The beloved palm tree, cultivated for almost 230 years at the Royal Botanic Gardens of Edinburgh (RBGE), has been discovered as a botanical mystery.
Nearly eight months after it was cut down to make way for a major restoration project at his Tropical Palm House, due diligence experts have now determined that the 60-foot treasure was not an example of the endangered Sabal bermudana.
On the other hand, if, as is now suspected, the long-lived specimen is Sabal mexicana, then it was a new species that had not yet been described to science for about 40 years after it was put on display in the 1790s.
Sadie Barber, Research Collections Manager at RBGE, said: “The palm that we had for 200 years turned out not to be what we imagined it to be.

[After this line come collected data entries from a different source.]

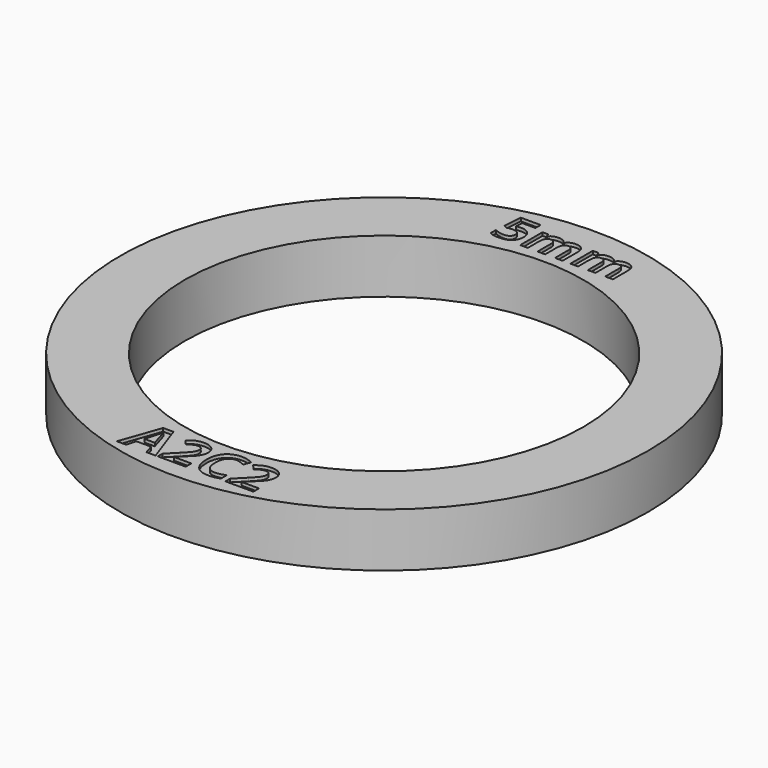
from build123d import *

# Parameters (mm, degrees)
F0_R           = 24.5
F0_R_2         = 18.5
F0_TEXT_SIZE   = 5.1974965673
F0_TEXT_SIZE_2 = 4.7515974277
F1_DEPTH       = 5
F2_DEPTH       = 0.3


# Not quite as in the source:
# - Text() gives the source's letters only with a copy of the font that has no kerning and outlines rounded to 1/6400 em; it was checked with that copy


with BuildPart() as f1:
    # F0 (on Top) → F1 (new body)
    with BuildSketch(Plane.XY):
        Circle(F0_R)
        Polygon((-2.9154707307, -22.8730905801), (-3.7633123583, -22.8730905801), (-4.0321203839, -21.9895161637), (-5.3850937091, -21.9895161637), (-5.6539017347, -22.8730905801), (-6.5017433622, -22.8730905801), (-5.1918118055, -19.1471352284), (-4.2302749405, -19.1471352284), align=None, mode=Mode.SUBTRACT)
        with BuildLine():
            Line((-0.1136952374, -22.2128460943), (-0.1136952374, -22.8730905801))
            Line((-0.1136952374, -22.8730905801), (-2.707570868, -22.8730905801))
            Line((-2.707570868, -22.8730905801), (-2.707570868, -22.3273534405))
            Line((-2.707570868, -22.3273534405), (-1.7760820301, -21.3861192965))
            add(Edge.make_bspline(
                [(-1.7760820301, -21.3861192965), (-1.3619065224, -20.9621984828), (-1.2352175436, -20.7985585518)],
                knots=[0, 0, 0, 1, 1, 1], degree=2))
            add(Edge.make_bspline(
                [(-1.2352175436, -20.7985585518), (-1.1085285648, -20.6349186208), (-1.0524930549, -20.4952359005)],
                knots=[0, 0, 0, 1, 1, 1], degree=2))
            add(Edge.make_bspline(
                [(-1.0524930549, -20.4952359005), (-0.996457545, -20.3555531803), (-0.996457545, -20.206125154)],
                knots=[0, 0, 0, 1, 1, 1], degree=2))
            add(Edge.make_bspline(
                [(-0.996457545, -20.206125154), (-0.996457545, -19.9827952234), (-1.1198980885, -19.8735665846)],
                knots=[0, 0, 0, 1, 1, 1], degree=2))
            add(Edge.make_bspline(
                [(-1.1198980885, -19.8735665846), (-1.243338632, -19.7643379458), (-1.4488021681, -19.7643379458)],
                knots=[0, 0, 0, 1, 1, 1], degree=2))
            add(Edge.make_bspline(
                [(-1.4488021681, -19.7643379458), (-1.6640110104, -19.7643379458), (-1.86703822, -19.8634152241)],
                knots=[0, 0, 0, 1, 1, 1], degree=2))
            add(Edge.make_bspline(
                [(-1.86703822, -19.8634152241), (-2.0700654297, -19.9624925024), (-2.2909590338, -20.1452169911)],
                knots=[0, 0, 0, 1, 1, 1], degree=2))
            Line((-2.2909590338, -20.1452169911), (-2.7173161741, -19.6400852935))
            add(Edge.make_bspline(
                [(-2.7173161741, -19.6400852935), (-2.4436354955, -19.4061979479), (-2.2633473333, -19.3099630505)],
                knots=[0, 0, 0, 1, 1, 1], degree=2))
            add(Edge.make_bspline(
                [(-2.2633473333, -19.3099630505), (-2.0830591711, -19.2137281532), (-1.869880601, -19.1617531875)],
                knots=[0, 0, 0, 1, 1, 1], degree=2))
            add(Edge.make_bspline(
                [(-1.869880601, -19.1617531875), (-1.6567020308, -19.1097782218), (-1.3927666583, -19.1097782218)],
                knots=[0, 0, 0, 1, 1, 1], degree=2))
            add(Edge.make_bspline(
                [(-1.3927666583, -19.1097782218), (-1.0451840753, -19.1097782218), (-0.7788123763, -19.2364672006)],
                knots=[0, 0, 0, 1, 1, 1], degree=2))
            add(Edge.make_bspline(
                [(-0.7788123763, -19.2364672006), (-0.5124406772, -19.3631561795), (-0.365042923, -19.5917648176)],
                knots=[0, 0, 0, 1, 1, 1], degree=2))
            add(Edge.make_bspline(
                [(-0.365042923, -19.5917648176), (-0.2176451688, -19.8203734556), (-0.2176451688, -20.1143568552)],
                knots=[0, 0, 0, 1, 1, 1], degree=2))
            add(Edge.make_bspline(
                [(-0.2176451688, -20.1143568552), (-0.2176451688, -20.3709832482), (-0.3077892498, -20.5955313421)],
                knots=[0, 0, 0, 1, 1, 1], degree=2))
            add(Edge.make_bspline(
                [(-0.3077892498, -20.5955313421), (-0.3979333309, -20.820079436), (-0.5871546903, -21.0559970536)],
                knots=[0, 0, 0, 1, 1, 1], degree=2))
            add(Edge.make_bspline(
                [(-0.5871546903, -21.0559970536), (-0.7763760497, -21.2919146713), (-1.253083938, -21.7288292265)],
                knots=[0, 0, 0, 1, 1, 1], degree=2))
            Line((-1.253083938, -21.7288292265), (-1.7306039352, -22.1779254142))
            Line((-1.7306039352, -22.1779254142), (-1.7306039352, -22.2128460943))
            Line((-1.7306039352, -22.2128460943), (-0.1136952374, -22.2128460943))
        make_face(mode=Mode.SUBTRACT)
        Circle(F0_R_2, mode=Mode.SUBTRACT)
        with BuildLine():
            add(Edge.make_bspline(
                [(2.5077920937, -19.8378337957), (2.2974559045, -19.7643379458), (2.0944286949, -19.7643379458)],
                knots=[0, 0, 0, 1, 1, 1], degree=2))
            add(Edge.make_bspline(
                [(2.0944286949, -19.7643379458), (1.6502051601, -19.7643379458), (1.4065725085, -20.0981146785)],
                knots=[0, 0, 0, 1, 1, 1], degree=2))
            add(Edge.make_bspline(
                [(1.4065725085, -20.0981146785), (1.1629398569, -20.4318914111), (1.1629398569, -21.0279792987)],
                knots=[0, 0, 0, 1, 1, 1], degree=2))
            add(Edge.make_bspline(
                [(1.1629398569, -21.0279792987), (1.1629398569, -22.2688816042), (2.0944286949, -22.2688816042)],
                knots=[0, 0, 0, 1, 1, 1], degree=2))
            add(Edge.make_bspline(
                [(2.0944286949, -22.2688816042), (2.4850530463, -22.2688816042), (3.0405354919, -22.0739754829)],
                knots=[0, 0, 0, 1, 1, 1], degree=2))
            Line((3.0405354919, -22.0739754829), (3.0405354919, -22.7334078599))
            add(Edge.make_bspline(
                [(3.0405354919, -22.7334078599), (2.5841303246, -22.9242534369), (2.0205267906, -22.9242534369)],
                knots=[0, 0, 0, 1, 1, 1], degree=2))
            add(Edge.make_bspline(
                [(2.0205267906, -22.9242534369), (1.2108542784, -22.9242534369), (0.7820608116, -22.4329275896)],
                knots=[0, 0, 0, 1, 1, 1], degree=2))
            add(Edge.make_bspline(
                [(0.7820608116, -22.4329275896), (0.3532673448, -21.9416017422), (0.3532673448, -21.0231066457)],
                knots=[0, 0, 0, 1, 1, 1], degree=2))
            add(Edge.make_bspline(
                [(0.3532673448, -21.0231066457), (0.3532673448, -20.4440730437), (0.5640095884, -20.0087827062)],
                knots=[0, 0, 0, 1, 1, 1], degree=2))
            add(Edge.make_bspline(
                [(0.5640095884, -20.0087827062), (0.7747518321, -19.5734923687), (1.1694367277, -19.3416352953)],
                knots=[0, 0, 0, 1, 1, 1], degree=2))
            add(Edge.make_bspline(
                [(1.1694367277, -19.3416352953), (1.5641216232, -19.1097782218), (2.0944286949, -19.1097782218)],
                knots=[0, 0, 0, 1, 1, 1], degree=2))
            add(Edge.make_bspline(
                [(2.0944286949, -19.1097782218), (2.6344810726, -19.1097782218), (3.1802182121, -19.370465159)],
                knots=[0, 0, 0, 1, 1, 1], degree=2))
            Line((3.1802182121, -19.370465159), (2.9268402545, -20.0104069239))
            add(Edge.make_bspline(
                [(2.9268402545, -20.0104069239), (2.7181282829, -19.9113296456), (2.5077920937, -19.8378337957)],
                knots=[0, 0, 0, 1, 1, 1], degree=2))
        make_face(mode=Mode.SUBTRACT)
        with BuildLine():
            Line((6.1647181942, -22.2128460943), (6.1647181942, -22.8730905801))
            Line((6.1647181942, -22.8730905801), (3.5708425635, -22.8730905801))
            Line((3.5708425635, -22.8730905801), (3.5708425635, -22.3273534405))
            Line((3.5708425635, -22.3273534405), (4.5023314015, -21.3861192965))
            add(Edge.make_bspline(
                [(4.5023314015, -21.3861192965), (4.9165069092, -20.9621984828), (5.043195888, -20.7985585518)],
                knots=[0, 0, 0, 1, 1, 1], degree=2))
            add(Edge.make_bspline(
                [(5.043195888, -20.7985585518), (5.1698848668, -20.6349186208), (5.2259203767, -20.4952359005)],
                knots=[0, 0, 0, 1, 1, 1], degree=2))
            add(Edge.make_bspline(
                [(5.2259203767, -20.4952359005), (5.2819558866, -20.3555531803), (5.2819558866, -20.206125154)],
                knots=[0, 0, 0, 1, 1, 1], degree=2))
            add(Edge.make_bspline(
                [(5.2819558866, -20.206125154), (5.2819558866, -19.9827952234), (5.1585153431, -19.8735665846)],
                knots=[0, 0, 0, 1, 1, 1], degree=2))
            add(Edge.make_bspline(
                [(5.1585153431, -19.8735665846), (5.0350747996, -19.7643379458), (4.8296112634, -19.7643379458)],
                knots=[0, 0, 0, 1, 1, 1], degree=2))
            add(Edge.make_bspline(
                [(4.8296112634, -19.7643379458), (4.6144024212, -19.7643379458), (4.4113752115, -19.8634152241)],
                knots=[0, 0, 0, 1, 1, 1], degree=2))
            add(Edge.make_bspline(
                [(4.4113752115, -19.8634152241), (4.2083480019, -19.9624925024), (3.9874543978, -20.1452169911)],
                knots=[0, 0, 0, 1, 1, 1], degree=2))
            Line((3.9874543978, -20.1452169911), (3.5610972575, -19.6400852935))
            add(Edge.make_bspline(
                [(3.5610972575, -19.6400852935), (3.8347779361, -19.4061979479), (4.0150660983, -19.3099630505)],
                knots=[0, 0, 0, 1, 1, 1], degree=2))
            add(Edge.make_bspline(
                [(4.0150660983, -19.3099630505), (4.1953542604, -19.2137281532), (4.4085328306, -19.1617531875)],
                knots=[0, 0, 0, 1, 1, 1], degree=2))
            add(Edge.make_bspline(
                [(4.4085328306, -19.1617531875), (4.6217114007, -19.1097782218), (4.8856467733, -19.1097782218)],
                knots=[0, 0, 0, 1, 1, 1], degree=2))
            add(Edge.make_bspline(
                [(4.8856467733, -19.1097782218), (5.2332293562, -19.1097782218), (5.4996010553, -19.2364672006)],
                knots=[0, 0, 0, 1, 1, 1], degree=2))
            add(Edge.make_bspline(
                [(5.4996010553, -19.2364672006), (5.7659727544, -19.3631561795), (5.9133705086, -19.5917648176)],
                knots=[0, 0, 0, 1, 1, 1], degree=2))
            add(Edge.make_bspline(
                [(5.9133705086, -19.5917648176), (6.0607682628, -19.8203734556), (6.0607682628, -20.1143568552)],
                knots=[0, 0, 0, 1, 1, 1], degree=2))
            add(Edge.make_bspline(
                [(6.0607682628, -20.1143568552), (6.0607682628, -20.3709832482), (5.9706241817, -20.5955313421)],
                knots=[0, 0, 0, 1, 1, 1], degree=2))
            add(Edge.make_bspline(
                [(5.9706241817, -20.5955313421), (5.8804801006, -20.820079436), (5.6912587412, -21.0559970536)],
                knots=[0, 0, 0, 1, 1, 1], degree=2))
            add(Edge.make_bspline(
                [(5.6912587412, -21.0559970536), (5.5020373818, -21.2919146713), (5.0253294935, -21.7288292265)],
                knots=[0, 0, 0, 1, 1, 1], degree=2))
            Line((5.0253294935, -21.7288292265), (4.5478094964, -22.1779254142))
            Line((4.5478094964, -22.1779254142), (4.5478094964, -22.2128460943))
            Line((4.5478094964, -22.2128460943), (6.1647181942, -22.2128460943))
        make_face(mode=Mode.SUBTRACT)
        with BuildLine():
            add(Edge.make_bspline(
                [(-4.9238428344, 21.5662038617), (-4.7820373487, 21.598871094), (-4.5734125241, 21.598871094)],
                knots=[0, 0, 0, 1, 1, 1], degree=2))
            add(Edge.make_bspline(
                [(-4.5734125241, 21.598871094), (-4.0819191652, 21.598871094), (-3.7905126042, 21.3226844935)],
                knots=[0, 0, 0, 1, 1, 1], degree=2))
            add(Edge.make_bspline(
                [(-3.7905126042, 21.3226844935), (-3.4991060432, 21.046497893), (-3.4991060432, 20.5661410906)],
                knots=[0, 0, 0, 1, 1, 1], degree=2))
            add(Edge.make_bspline(
                [(-3.4991060432, 20.5661410906), (-3.4991060432, 19.9981767105), (-3.8495363535, 19.691550189)],
                knots=[0, 0, 0, 1, 1, 1], degree=2))
            add(Edge.make_bspline(
                [(-3.8495363535, 19.691550189), (-4.1999666638, 19.3849236675), (-4.8518264359, 19.3849236675)],
                knots=[0, 0, 0, 1, 1, 1], degree=2))
            add(Edge.make_bspline(
                [(-4.8518264359, 19.3849236675), (-5.4183059417, 19.3849236675), (-5.7657665036, 19.5683056308)],
                knots=[0, 0, 0, 1, 1, 1], degree=2))
            Line((-5.7657665036, 19.5683056308), (-5.7657665036, 20.1882406076))
            add(Edge.make_bspline(
                [(-5.7657665036, 20.1882406076), (-5.5831269775, 20.0909813478), (-5.3392363908, 20.0293590687)],
                knots=[0, 0, 0, 1, 1, 1], degree=2))
            add(Edge.make_bspline(
                [(-5.3392363908, 20.0293590687), (-5.0953458041, 19.9677367895), (-4.8778117343, 19.9677367895)],
                knots=[0, 0, 0, 1, 1, 1], degree=2))
            add(Edge.make_bspline(
                [(-4.8778117343, 19.9677367895), (-4.2207549025, 19.9677367895), (-4.2207549025, 20.5060036856)],
                knots=[0, 0, 0, 1, 1, 1], degree=2))
            add(Edge.make_bspline(
                [(-4.2207549025, 20.5060036856), (-4.2207549025, 21.0190277204), (-4.9008272844, 21.0190277204)],
                knots=[0, 0, 0, 1, 1, 1], degree=2))
            add(Edge.make_bspline(
                [(-4.9008272844, 21.0190277204), (-5.0233294056, 21.0190277204), (-5.1718168252, 20.9945272962)],
                knots=[0, 0, 0, 1, 1, 1], degree=2))
            add(Edge.make_bspline(
                [(-5.1718168252, 20.9945272962), (-5.3203042448, 20.9700268719), (-5.413108882, 20.9418142622)],
                knots=[0, 0, 0, 1, 1, 1], degree=2))
            Line((-5.413108882, 20.9418142622), (-5.6989471648, 21.0954987415))
            Line((-5.6989471648, 21.0954987415), (-5.5712479839, 22.8238923058))
            Line((-5.5712479839, 22.8238923058), (-3.7314888549, 22.8238923058))
            Line((-3.7314888549, 22.8238923058), (-3.7314888549, 22.2158363225))
            Line((-3.7314888549, 22.2158363225), (-4.9424037619, 22.2158363225))
            Line((-4.9424037619, 22.2158363225), (-5.0047684781, 21.5498702455))
            Line((-5.0047684781, 21.5498702455), (-4.9238428344, 21.5662038617))
        make_face(mode=Mode.SUBTRACT)
        with BuildLine():
            Line((-0.5924648043, 20.7331894376), (-0.5924648043, 19.4316972047))
            Line((-0.5924648043, 19.4316972047), (-1.3000073587, 19.4316972047))
            Line((-1.3000073587, 19.4316972047), (-1.3000073587, 20.9470113219))
            add(Edge.make_bspline(
                [(-1.3000073587, 20.9470113219), (-1.3000073587, 21.2276525449), (-1.3939256516, 21.3679731565)],
                knots=[0, 0, 0, 1, 1, 1], degree=2))
            add(Edge.make_bspline(
                [(-1.3939256516, 21.3679731565), (-1.4878439445, 21.508293768), (-1.6897868352, 21.508293768)],
                knots=[0, 0, 0, 1, 1, 1], degree=2))
            add(Edge.make_bspline(
                [(-1.6897868352, 21.508293768), (-1.9615188131, 21.508293768), (-2.0843921528, 21.3085781886)],
                knots=[0, 0, 0, 1, 1, 1], degree=2))
            add(Edge.make_bspline(
                [(-2.0843921528, 21.3085781886), (-2.2072654926, 21.1088626093), (-2.2072654926, 20.6522637939)],
                knots=[0, 0, 0, 1, 1, 1], degree=2))
            Line((-2.2072654926, 20.6522637939), (-2.2072654926, 19.4316972047))
            Line((-2.2072654926, 19.4316972047), (-2.914808047, 19.4316972047))
            Line((-2.914808047, 19.4316972047), (-2.914808047, 22.0257724254))
            Line((-2.914808047, 22.0257724254), (-2.3743138396, 22.0257724254))
            Line((-2.3743138396, 22.0257724254), (-2.2792818911, 21.6939030425))
            Line((-2.2792818911, 21.6939030425), (-2.2399327249, 21.6939030425))
            add(Edge.make_bspline(
                [(-2.2399327249, 21.6939030425), (-2.1352490941, 21.8728303832), (-1.9381320445, 21.97343061)],
                knots=[0, 0, 0, 1, 1, 1], degree=2))
            add(Edge.make_bspline(
                [(-1.9381320445, 21.97343061), (-1.741014995, 22.0740308367), (-1.4856166332, 22.0740308367)],
                knots=[0, 0, 0, 1, 1, 1], degree=2))
            add(Edge.make_bspline(
                [(-1.4856166332, 22.0740308367), (-0.9035459484, 22.0740308367), (-0.696405998, 21.6939030425)],
                knots=[0, 0, 0, 1, 1, 1], degree=2))
            Line((-0.696405998, 21.6939030425), (-0.6340412818, 21.6939030425))
            add(Edge.make_bspline(
                [(-0.6340412818, 21.6939030425), (-0.5293576509, 21.8750576945), (-0.3266723232, 21.9745442656)],
                knots=[0, 0, 0, 1, 1, 1], degree=2))
            add(Edge.make_bspline(
                [(-0.3266723232, 21.9745442656), (-0.1239869954, 22.0740308367), (0.1314113664, 22.0740308367)],
                knots=[0, 0, 0, 1, 1, 1], degree=2))
            add(Edge.make_bspline(
                [(0.1314113664, 22.0740308367), (0.5724190026, 22.0740308367), (0.798491099, 21.8479587404)],
                knots=[0, 0, 0, 1, 1, 1], degree=2))
            add(Edge.make_bspline(
                [(0.798491099, 21.8479587404), (1.0245631953, 21.621886644), (1.0245631953, 21.1229689141)],
                knots=[0, 0, 0, 1, 1, 1], degree=2))
            Line((1.0245631953, 21.1229689141), (1.0245631953, 19.4316972047))
            Line((1.0245631953, 19.4316972047), (0.3147933296, 19.4316972047))
            Line((0.3147933296, 19.4316972047), (0.3147933296, 20.9470113219))
            add(Edge.make_bspline(
                [(0.3147933296, 20.9470113219), (0.3147933296, 21.2276525449), (0.2208750367, 21.3679731565)],
                knots=[0, 0, 0, 1, 1, 1], degree=2))
            add(Edge.make_bspline(
                [(0.2208750367, 21.3679731565), (0.1269567438, 21.508293768), (-0.0749861469, 21.508293768)],
                knots=[0, 0, 0, 1, 1, 1], degree=2))
            add(Edge.make_bspline(
                [(-0.0749861469, 21.508293768), (-0.3348391312, 21.508293768), (-0.4636519677, 21.3226844935)],
                knots=[0, 0, 0, 1, 1, 1], degree=2))
            add(Edge.make_bspline(
                [(-0.4636519677, 21.3226844935), (-0.5924648043, 21.137075219), (-0.5924648043, 20.7331894376)],
                knots=[0, 0, 0, 1, 1, 1], degree=2))
        make_face(mode=Mode.SUBTRACT)
        with BuildLine():
            Line((4.07300992, 20.7331894376), (4.07300992, 19.4316972047))
            Line((4.07300992, 19.4316972047), (3.3654673656, 19.4316972047))
            Line((3.3654673656, 19.4316972047), (3.3654673656, 20.9470113219))
            add(Edge.make_bspline(
                [(3.3654673656, 20.9470113219), (3.3654673656, 21.2276525449), (3.2715490727, 21.3679731565)],
                knots=[0, 0, 0, 1, 1, 1], degree=2))
            add(Edge.make_bspline(
                [(3.2715490727, 21.3679731565), (3.1776307797, 21.508293768), (2.9756878891, 21.508293768)],
                knots=[0, 0, 0, 1, 1, 1], degree=2))
            add(Edge.make_bspline(
                [(2.9756878891, 21.508293768), (2.7039559112, 21.508293768), (2.5810825714, 21.3085781886)],
                knots=[0, 0, 0, 1, 1, 1], degree=2))
            add(Edge.make_bspline(
                [(2.5810825714, 21.3085781886), (2.4582092317, 21.1088626093), (2.4582092317, 20.6522637939)],
                knots=[0, 0, 0, 1, 1, 1], degree=2))
            Line((2.4582092317, 20.6522637939), (2.4582092317, 19.4316972047))
            Line((2.4582092317, 19.4316972047), (1.7506666773, 19.4316972047))
            Line((1.7506666773, 19.4316972047), (1.7506666773, 22.0257724254))
            Line((1.7506666773, 22.0257724254), (2.2911608846, 22.0257724254))
            Line((2.2911608846, 22.0257724254), (2.3861928332, 21.6939030425))
            Line((2.3861928332, 21.6939030425), (2.4255419994, 21.6939030425))
            add(Edge.make_bspline(
                [(2.4255419994, 21.6939030425), (2.5302256302, 21.8728303832), (2.7273426798, 21.97343061)],
                knots=[0, 0, 0, 1, 1, 1], degree=2))
            add(Edge.make_bspline(
                [(2.7273426798, 21.97343061), (2.9244597293, 22.0740308367), (3.179858091, 22.0740308367)],
                knots=[0, 0, 0, 1, 1, 1], degree=2))
            add(Edge.make_bspline(
                [(3.179858091, 22.0740308367), (3.7619287759, 22.0740308367), (3.9690687263, 21.6939030425)],
                knots=[0, 0, 0, 1, 1, 1], degree=2))
            Line((3.9690687263, 21.6939030425), (4.0314334425, 21.6939030425))
            add(Edge.make_bspline(
                [(4.0314334425, 21.6939030425), (4.1361170734, 21.8750576945), (4.3388024011, 21.9745442656)],
                knots=[0, 0, 0, 1, 1, 1], degree=2))
            add(Edge.make_bspline(
                [(4.3388024011, 21.9745442656), (4.5414877289, 22.0740308367), (4.7968860906, 22.0740308367)],
                knots=[0, 0, 0, 1, 1, 1], degree=2))
            add(Edge.make_bspline(
                [(4.7968860906, 22.0740308367), (5.2378937269, 22.0740308367), (5.4639658233, 21.8479587404)],
                knots=[0, 0, 0, 1, 1, 1], degree=2))
            add(Edge.make_bspline(
                [(5.4639658233, 21.8479587404), (5.6900379196, 21.621886644), (5.6900379196, 21.1229689141)],
                knots=[0, 0, 0, 1, 1, 1], degree=2))
            Line((5.6900379196, 21.1229689141), (5.6900379196, 19.4316972047))
            Line((5.6900379196, 19.4316972047), (4.9802680539, 19.4316972047))
            Line((4.9802680539, 19.4316972047), (4.9802680539, 20.9470113219))
            add(Edge.make_bspline(
                [(4.9802680539, 20.9470113219), (4.9802680539, 21.2276525449), (4.886349761, 21.3679731565)],
                knots=[0, 0, 0, 1, 1, 1], degree=2))
            add(Edge.make_bspline(
                [(4.886349761, 21.3679731565), (4.7924314681, 21.508293768), (4.5904885774, 21.508293768)],
                knots=[0, 0, 0, 1, 1, 1], degree=2))
            add(Edge.make_bspline(
                [(4.5904885774, 21.508293768), (4.3306355931, 21.508293768), (4.2018227565, 21.3226844935)],
                knots=[0, 0, 0, 1, 1, 1], degree=2))
            add(Edge.make_bspline(
                [(4.2018227565, 21.3226844935), (4.07300992, 21.137075219), (4.07300992, 20.7331894376)],
                knots=[0, 0, 0, 1, 1, 1], degree=2))
        make_face(mode=Mode.SUBTRACT)
        with BuildLine():
            Line((-5.1869391524, -21.3300837867), (-4.2205296344, -21.3300837867))
            add(Edge.make_bspline(
                [(-4.2205296344, -21.3300837867), (-4.5932875914, -20.1297869232), (-4.640389904, -19.9722378085)],
                knots=[0, 0, 0, 1, 1, 1], degree=2))
            add(Edge.make_bspline(
                [(-4.640389904, -19.9722378085), (-4.6874922167, -19.8146886938), (-4.7077949376, -19.7237325038)],
                knots=[0, 0, 0, 1, 1, 1], degree=2))
            add(Edge.make_bspline(
                [(-4.7077949376, -19.7237325038), (-4.791442148, -20.0485760393), (-5.1869391524, -21.3300837867)],
                knots=[0, 0, 0, 1, 1, 1], degree=2))
        make_face()
        with Locations((-6.5017433622, -22.8730905801)):
            Text('A2C2', F0_TEXT_SIZE, font='Open Sans', font_style=FontStyle.BOLD, text_align=(TextAlign.LEFT, TextAlign.BOTTOM))
        with Locations((-5.9981493153, 19.4316972047)):
            Text('5mm', F0_TEXT_SIZE_2, font='Open Sans', font_style=FontStyle.BOLD, text_align=(TextAlign.LEFT, TextAlign.BOTTOM))
    extrude(amount=-F1_DEPTH)

    # F0 (on Top) → F2 (cut)
    with BuildSketch(Plane.XY):
        with Locations((-6.5017433622, -22.8730905801)):
            Text('A2C2', F0_TEXT_SIZE, font='Open Sans', font_style=FontStyle.BOLD, text_align=(TextAlign.LEFT, TextAlign.BOTTOM))
        with Locations((-5.9981493153, 19.4316972047)):
            Text('5mm', F0_TEXT_SIZE_2, font='Open Sans', font_style=FontStyle.BOLD, text_align=(TextAlign.LEFT, TextAlign.BOTTOM))
    extrude(amount=-F2_DEPTH, mode=Mode.SUBTRACT)


solid = f1.part

“Now we know that our Sabal is not actually Sabal bermudana. It’s most likely Sabal mexicana, although it’s only through flowers or DNA sequencing that we’ll know for sure.
“That doesn’t make the palm any less important in terms of its historical relationship with RBGE, but it shifts the focus away from Bermuda.”
The palm was shipped to the Port of Leith via Germany in the 1790s and originally grew on the former RBGE site at Leith Walk until the entire plant collection was moved to its current home in Inverleith in the 1820s. Thousands of plants have been removed from A. - Palm homes were listed last year to allow construction to begin on an ambitious Edinburgh Biomes project to protect the garden as a global resource for future generations.
Experts have dismantled the historic Sabal palm and the seedlings have been grown so that visitors can watch its offspring grow for “another 200 years.”
It was dissected to create a durable specimen of the Herbarium and a detailed botanical illustration was completed along with a close-up photograph to confirm the identity and create a free resource for scientists and other interested parties now and in the future.
During the documentation procedure, Scott Zona, a leading authority on the sabal family in the US, highlighted some subtle differences in the biology of the various species.
RBGE tropical botanist Dr. Axel Dalberg Poulsen said: “Using Scott’s detailed monograph of the 15 known species of the genus Sabal, I have narrowed it down to three possible species.
“Just last week Scott reviewed our evidence and we now have a clearer picture of the true identity of the flagship palm from Edinburgh’s Royal Botanic Gardens.
“This is not Sabal bermudana, as the label has long said, but quite possibly Sabal mexicana.
“The German botanist CFP von Martius described Sabal mexicana as a species only in 1838. Thus, before that, the palm tree in Botany was actually a new species.
Full verification can only be achieved with DNA sequencing or after the flowers of its offspring are collected and examined, which can take several decades for the young palms to mature.